The cursor blinks again, a single rhythmic pulse cutting through the amber haze of the afternoon light that now spills across the keyboard. I didn’t mean to open the laptop; my hand just moved toward the lid before I could stop it, a reflex born of habit or perhaps the sudden desire to see if the digital ghost still lingers after all this analog contemplation.
The screen wakes up instantly, a burst of cold blue light that contrasts sharply with the warm gold outside. The desktop is clean, almost sterile, filled only by icons I haven’t looked at in days. It feels like stepping into a sterile hospital room after wandering through a forest; everything is orderly, classified, waiting for input. My fingers hover over the trackpad, trembling slightly as if remembering they were meant to type before forgetting why.
I don’t type anything yet.

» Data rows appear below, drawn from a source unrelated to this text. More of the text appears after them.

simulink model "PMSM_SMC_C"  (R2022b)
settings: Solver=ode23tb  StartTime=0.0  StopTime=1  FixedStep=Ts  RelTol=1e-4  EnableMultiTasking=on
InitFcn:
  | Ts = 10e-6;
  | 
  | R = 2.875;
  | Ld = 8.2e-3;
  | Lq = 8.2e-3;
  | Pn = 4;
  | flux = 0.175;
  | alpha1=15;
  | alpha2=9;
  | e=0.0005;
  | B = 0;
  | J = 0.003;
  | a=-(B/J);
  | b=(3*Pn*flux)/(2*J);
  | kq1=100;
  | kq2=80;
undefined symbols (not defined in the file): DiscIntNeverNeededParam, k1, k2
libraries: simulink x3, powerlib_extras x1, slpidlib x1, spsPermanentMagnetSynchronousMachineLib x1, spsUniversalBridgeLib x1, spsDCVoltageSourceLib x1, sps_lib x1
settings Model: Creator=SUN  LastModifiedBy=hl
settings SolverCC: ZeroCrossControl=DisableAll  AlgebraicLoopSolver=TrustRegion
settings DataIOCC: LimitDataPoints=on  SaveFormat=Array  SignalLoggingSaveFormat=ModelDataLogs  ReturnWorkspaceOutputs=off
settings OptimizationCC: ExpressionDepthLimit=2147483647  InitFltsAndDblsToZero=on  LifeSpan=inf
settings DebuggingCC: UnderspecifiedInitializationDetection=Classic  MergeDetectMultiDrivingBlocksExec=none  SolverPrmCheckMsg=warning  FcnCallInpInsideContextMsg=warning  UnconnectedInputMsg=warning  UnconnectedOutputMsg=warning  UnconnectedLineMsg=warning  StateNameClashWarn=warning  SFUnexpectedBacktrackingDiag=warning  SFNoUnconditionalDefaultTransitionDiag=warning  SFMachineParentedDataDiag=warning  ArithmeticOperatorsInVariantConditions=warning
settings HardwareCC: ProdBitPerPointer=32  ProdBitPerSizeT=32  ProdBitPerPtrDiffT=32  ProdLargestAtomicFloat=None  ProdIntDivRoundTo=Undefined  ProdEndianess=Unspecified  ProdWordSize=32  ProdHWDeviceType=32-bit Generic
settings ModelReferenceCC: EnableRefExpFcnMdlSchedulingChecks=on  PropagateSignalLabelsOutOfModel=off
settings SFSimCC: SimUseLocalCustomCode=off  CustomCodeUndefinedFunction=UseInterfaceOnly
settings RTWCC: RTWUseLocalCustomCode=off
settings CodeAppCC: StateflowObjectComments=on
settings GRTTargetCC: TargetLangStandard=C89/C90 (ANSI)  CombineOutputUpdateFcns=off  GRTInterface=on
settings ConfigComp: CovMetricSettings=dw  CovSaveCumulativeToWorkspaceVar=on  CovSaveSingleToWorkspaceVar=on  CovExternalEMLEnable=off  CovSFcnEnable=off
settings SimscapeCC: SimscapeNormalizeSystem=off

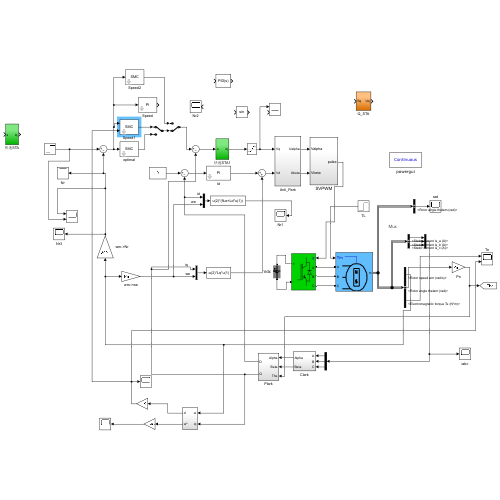
[thumbnail: Simulink's stored preview of the top-level diagram]
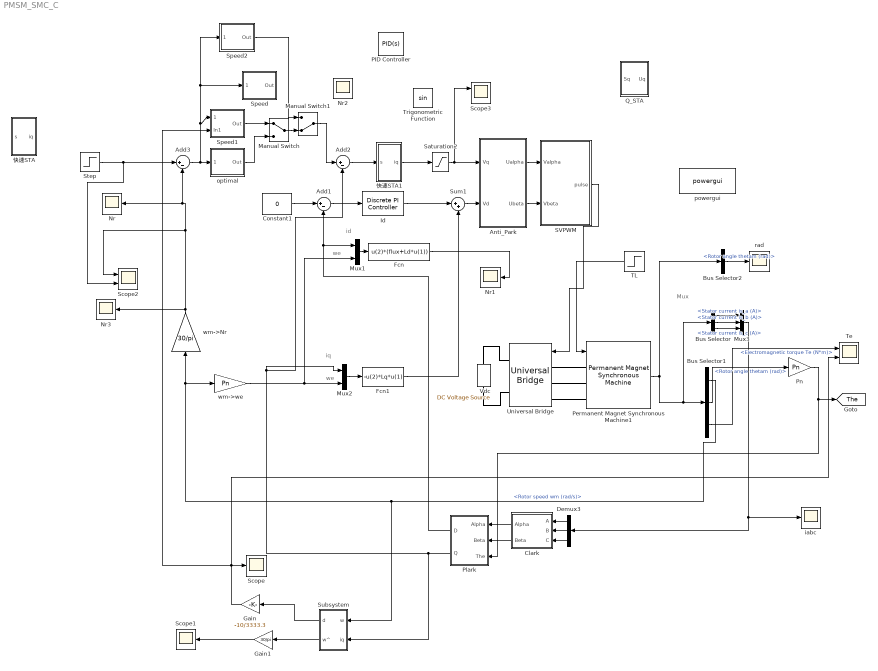
== system PMSM_SMC_C ==
  note: Mux
  note: iq
  note: we
  note: we
  note: id
  Add1 : Sum  Inputs=|+-
  Add2 : Sum  Inputs=|+-
  Add3 : Sum  Inputs=|+-
  Anti_Park : Subsystem
  Bus Selector : BusSelector  OutputSignals=Stator current is_a (A),Stator current is_b (A),Stator current is_c (A)
  Bus Selector1 : BusSelector  OutputSignals=Rotor speed wm (rad/s),Rotor angle thetam (rad),Electromagnetic torque Te (N*m)
  Bus Selector2 : BusSelector  OutputSignals=Rotor angle thetam (rad)
  Clark : Subsystem
  Constant1 : Constant  Value=0
  Demux3 : Demux  Outputs=3
  Fcn : Fcn  Expr=u(2)*(flux+Ld*u(1))
  Fcn1 : Fcn  Expr=-u(2)*Lq*u(1)
  Gain : Gain  Gain=-10/3333.3
  Gain1 : Gain  Gain=30/pi
  Id : powerlib_extras/Discrete  Control Blocks/Discrete PI Controller  Kp=Ld*2000  Ki=R*2000  Par_Limits=[311*0.9*sqrt(1/3) -311*0.9*sqrt(1/3)]  Init=0  Ts=Ts
  Manual Switch : ManualSwitch
  Manual Switch1 : ManualSwitch  CurrentSetting=0
  Mux1 : Mux  Inputs=2
  Mux2 : Mux  Inputs=2
  Mux3 : Mux  Inputs=3
  Nr{,1..3} (4 alike) : Scope
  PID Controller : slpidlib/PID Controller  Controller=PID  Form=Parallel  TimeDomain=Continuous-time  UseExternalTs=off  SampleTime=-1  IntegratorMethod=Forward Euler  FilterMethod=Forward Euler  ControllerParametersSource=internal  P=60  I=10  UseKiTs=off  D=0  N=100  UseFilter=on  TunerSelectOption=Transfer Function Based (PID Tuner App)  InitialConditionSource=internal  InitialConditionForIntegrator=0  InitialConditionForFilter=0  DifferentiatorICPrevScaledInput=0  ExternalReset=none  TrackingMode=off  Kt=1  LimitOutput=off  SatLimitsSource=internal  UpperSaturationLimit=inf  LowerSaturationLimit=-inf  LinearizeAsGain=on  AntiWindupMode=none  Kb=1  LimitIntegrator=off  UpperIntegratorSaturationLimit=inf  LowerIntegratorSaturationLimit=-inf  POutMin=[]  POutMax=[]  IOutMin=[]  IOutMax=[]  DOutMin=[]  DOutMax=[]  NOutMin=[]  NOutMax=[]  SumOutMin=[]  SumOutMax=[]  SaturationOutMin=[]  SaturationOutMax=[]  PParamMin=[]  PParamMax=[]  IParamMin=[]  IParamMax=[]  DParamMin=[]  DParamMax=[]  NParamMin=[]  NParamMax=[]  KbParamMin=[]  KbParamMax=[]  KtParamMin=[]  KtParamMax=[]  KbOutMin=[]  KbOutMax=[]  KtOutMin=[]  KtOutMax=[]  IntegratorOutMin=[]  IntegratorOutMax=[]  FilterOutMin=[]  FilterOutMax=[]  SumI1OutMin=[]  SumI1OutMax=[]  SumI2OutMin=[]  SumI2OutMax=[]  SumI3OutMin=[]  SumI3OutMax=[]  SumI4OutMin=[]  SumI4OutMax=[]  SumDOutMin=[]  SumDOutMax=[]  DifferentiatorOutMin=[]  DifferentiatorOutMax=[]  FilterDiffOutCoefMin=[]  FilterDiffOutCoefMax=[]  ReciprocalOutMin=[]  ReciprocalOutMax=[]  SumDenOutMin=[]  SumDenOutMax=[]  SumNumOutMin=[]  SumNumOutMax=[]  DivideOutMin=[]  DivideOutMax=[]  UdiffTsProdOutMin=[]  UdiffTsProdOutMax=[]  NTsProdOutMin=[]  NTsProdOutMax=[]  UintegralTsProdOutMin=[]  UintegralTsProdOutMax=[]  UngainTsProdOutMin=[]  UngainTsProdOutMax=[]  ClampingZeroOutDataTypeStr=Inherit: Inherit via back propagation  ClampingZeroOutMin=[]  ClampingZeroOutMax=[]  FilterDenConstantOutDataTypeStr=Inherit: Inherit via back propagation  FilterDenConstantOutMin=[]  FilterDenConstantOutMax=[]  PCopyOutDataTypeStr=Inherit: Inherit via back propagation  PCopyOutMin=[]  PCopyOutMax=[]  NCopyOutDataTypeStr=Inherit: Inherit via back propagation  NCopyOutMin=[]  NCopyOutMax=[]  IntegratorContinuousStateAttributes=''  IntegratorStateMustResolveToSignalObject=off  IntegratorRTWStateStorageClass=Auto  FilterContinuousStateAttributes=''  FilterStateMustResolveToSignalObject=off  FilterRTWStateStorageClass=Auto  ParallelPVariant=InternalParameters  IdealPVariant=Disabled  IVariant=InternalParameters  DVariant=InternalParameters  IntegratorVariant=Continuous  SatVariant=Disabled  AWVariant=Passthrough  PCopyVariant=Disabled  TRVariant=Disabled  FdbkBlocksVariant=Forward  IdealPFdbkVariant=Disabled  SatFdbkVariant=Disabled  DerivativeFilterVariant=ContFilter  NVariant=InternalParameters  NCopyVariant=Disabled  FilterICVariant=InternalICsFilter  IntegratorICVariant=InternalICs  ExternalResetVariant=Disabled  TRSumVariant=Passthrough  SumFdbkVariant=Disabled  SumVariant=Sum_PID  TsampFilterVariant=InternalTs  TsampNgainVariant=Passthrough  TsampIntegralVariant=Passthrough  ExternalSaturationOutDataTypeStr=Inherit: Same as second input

Instead, I let the fan spin down from its high-speed whir of boot-up into that same lazy, background hum it made during the coffee brewing. It’s a familiar sound now, the sonic signature of this machine and this room, anchoring me to a place where things can be undone, saved, copied, pasted. The permanence I sought on paper feels distant here, dissolved into a binary code that could vanish with a power outage or be edited back into nothingness by tomorrow morning.
A notification chime pierces the air—a soft *ding* from an email inbox that no one has sent in hours, yet it still demands attention as if urgency were inherent to its existence rather than a construct of design. I look at it and then away, letting the glow fade from my face. There is no need to check. Nothing has changed. The world outside continues its slow rotation, indifferent to whether I engage with the virtual or remain in the tangible warmth of the cooling coffee mug beside me.
Just steps. And more steps. The afternoon stretches out before me like a long hallway, and for now, I choose not to walk down it.